Spinning with the roving, in my experience, is easier when pre-drafting the roving is done.  This means dividing the roving into slender sections that will become the yarn or thread.  Below is a photo of the roving divided into sections. The sections can be any thickness that suits the weight of yarn the spinner wants to spin.



The next step is to place the hook of the spindle into the end of the cotton and start twisting the spindle in a clockwise motion.  This starts a thread - (when it is about 12 inches long, this starter thread can be tied around the spindle shaft and the thread or yarn gets looped around the hook two or three times).
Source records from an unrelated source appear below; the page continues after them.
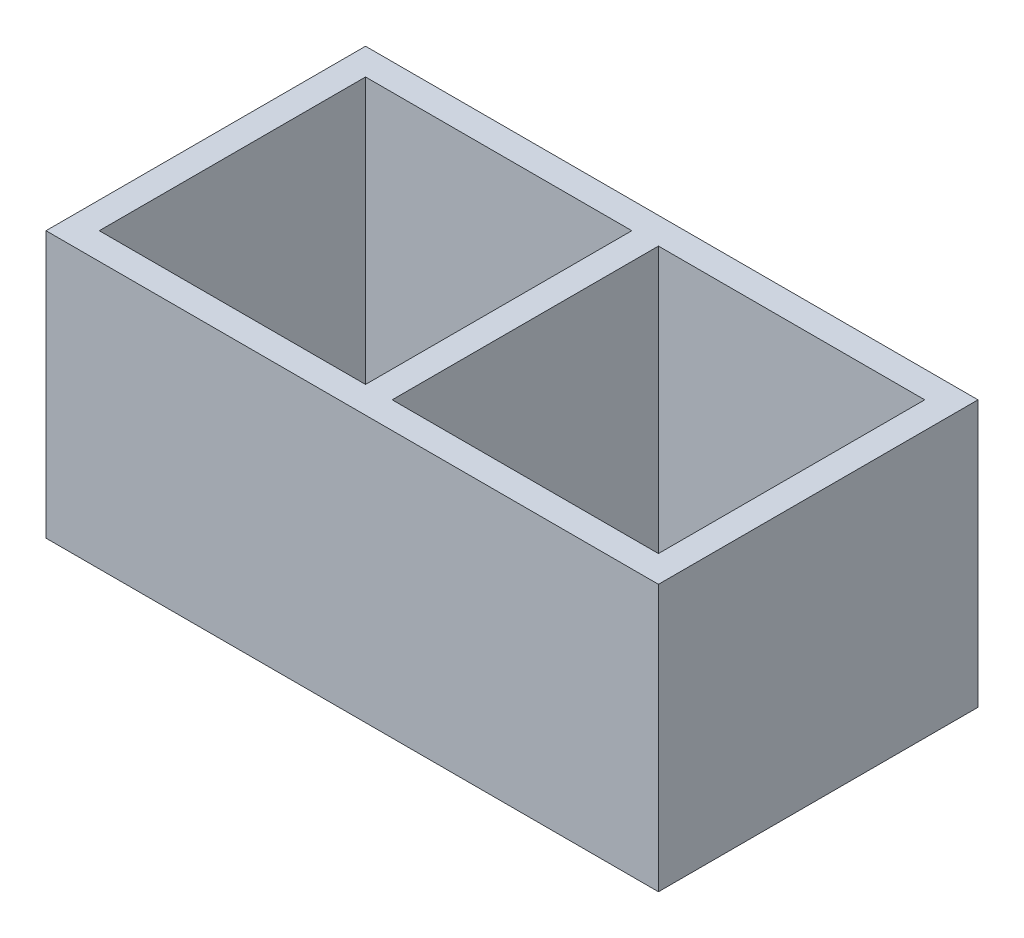
from build123d import *

# Parameters (mm, degrees)
SKETCH1_W           = 34.5
SKETCH1_H           = 18
SKETCH1_W_2         = 15
SKETCH1_H_2         = 15
BOSS_EXTRUDE1_DEPTH = 15


with BuildPart() as part:
    # Sketch1 → Boss-Extrude1 (new body)
    with BuildSketch(Plane(origin=(0, 0, 0), x_dir=(1, 0, 0), z_dir=(0, 1, 0))):
        Rectangle(SKETCH1_W, SKETCH1_H)
        with Locations((-8.25, 0)):
            Rectangle(SKETCH1_W_2, SKETCH1_H_2, mode=Mode.SUBTRACT)
        with Locations((8.25, 0)):
            Rectangle(SKETCH1_W_2, SKETCH1_H_2, mode=Mode.SUBTRACT)
    extrude(amount=BOSS_EXTRUDE1_DEPTH)


solid = part.part

The "open" end of the yarn is the end that has not yet been twisted.  The second piece of roving is laid over the top of the open end of the yarn, overlapping by enough for the threads to grab evenly and twisting is continued.  This is shown in the photos below.




This method of drafting the fibers takes more time prior to spinning because the fibers are divided, but it enables faster spinning with less clumping at the joinings of the yarn.

Below is the same way of spinning, but with using the lightly carded cotton.  This method needs a little more control over the cotton fibers at the drafting point.  You can see in the second photo that the yarn is a little less consistent in its thickness.  A close-up is in the third photo.  With practice, this becomes less of a problem.




Once a yarn is begun, and you are comfortable with drafting, the spindle can be used in the "drop position".  This means that the spindle is spun clockwise with the hand, let go of, and allowed to spin suspended in the air, while the spinner drafts the fibers.  When the spinner needs to readjust the draft of the cotton, the spindle is "parked" by stopping it from spinning and placed under an arm or otherwise held still until spinning resumes.  The spindle shouldn't be allowed to unwind, or turn in the counterclockwise direction, as this untwists the yarn.  


Cotton needs more twist in the yarn than longer fibers, and it's an individual development for each spinner as to how they start and stop the spindle in the drop position.  The yarn should be tightly twisted, almost to the point of getting kinks in the yarn.  If the twist is too loose, the yarn will break when the spindle is suspended in the air.  As the spinner spins more yarn, the yarn is moved down to the shaft of the spindle (wrapping it clockwise around the shaft) and stored there until it is removed to a nostepinde (a ball winder) or cone for future use or for plying.  


The method of "draft, spin, park"  is the same whether you are using a top whorl or a bottom whorl spindle.  Below is a photo of how a bottom whorl spindle is set up for spinning.  The lead thread is wrapped around the stem of the spindle, then down below the whorl and around the stem, and then back up to the top of the shaft.  It is held in place with a half-hitch.  The half-hitch acts the same as a hook in the top-whorl spindle, allowing the yarn to gain twist.  Some bottom whorl spindle have hooks on the top which eliminates the need for the half-hitch knot.



The most important factor in either method is controlling the draft of the fibers.  Assuming the spinner is right-handed, the left hand controls the draft.  Using the thumb and index finger, pinch the cotton that is loose where it joins the already-twisted yarn.  Let up on the pinch just enough to let the twist of the yarn run up into the fibers.  You will see a small triangle form where the fibers from both sides of the loose cotton are pulled together joining into the twist and creating the yarn.  This is called the "drafting triangle".  It is in this area that the fibers either flow smoothly or get caught up in a bunch, and it is the amount and timing of the pinch that determines what happens.  With practice, it becomes an automatic action to draft effectively.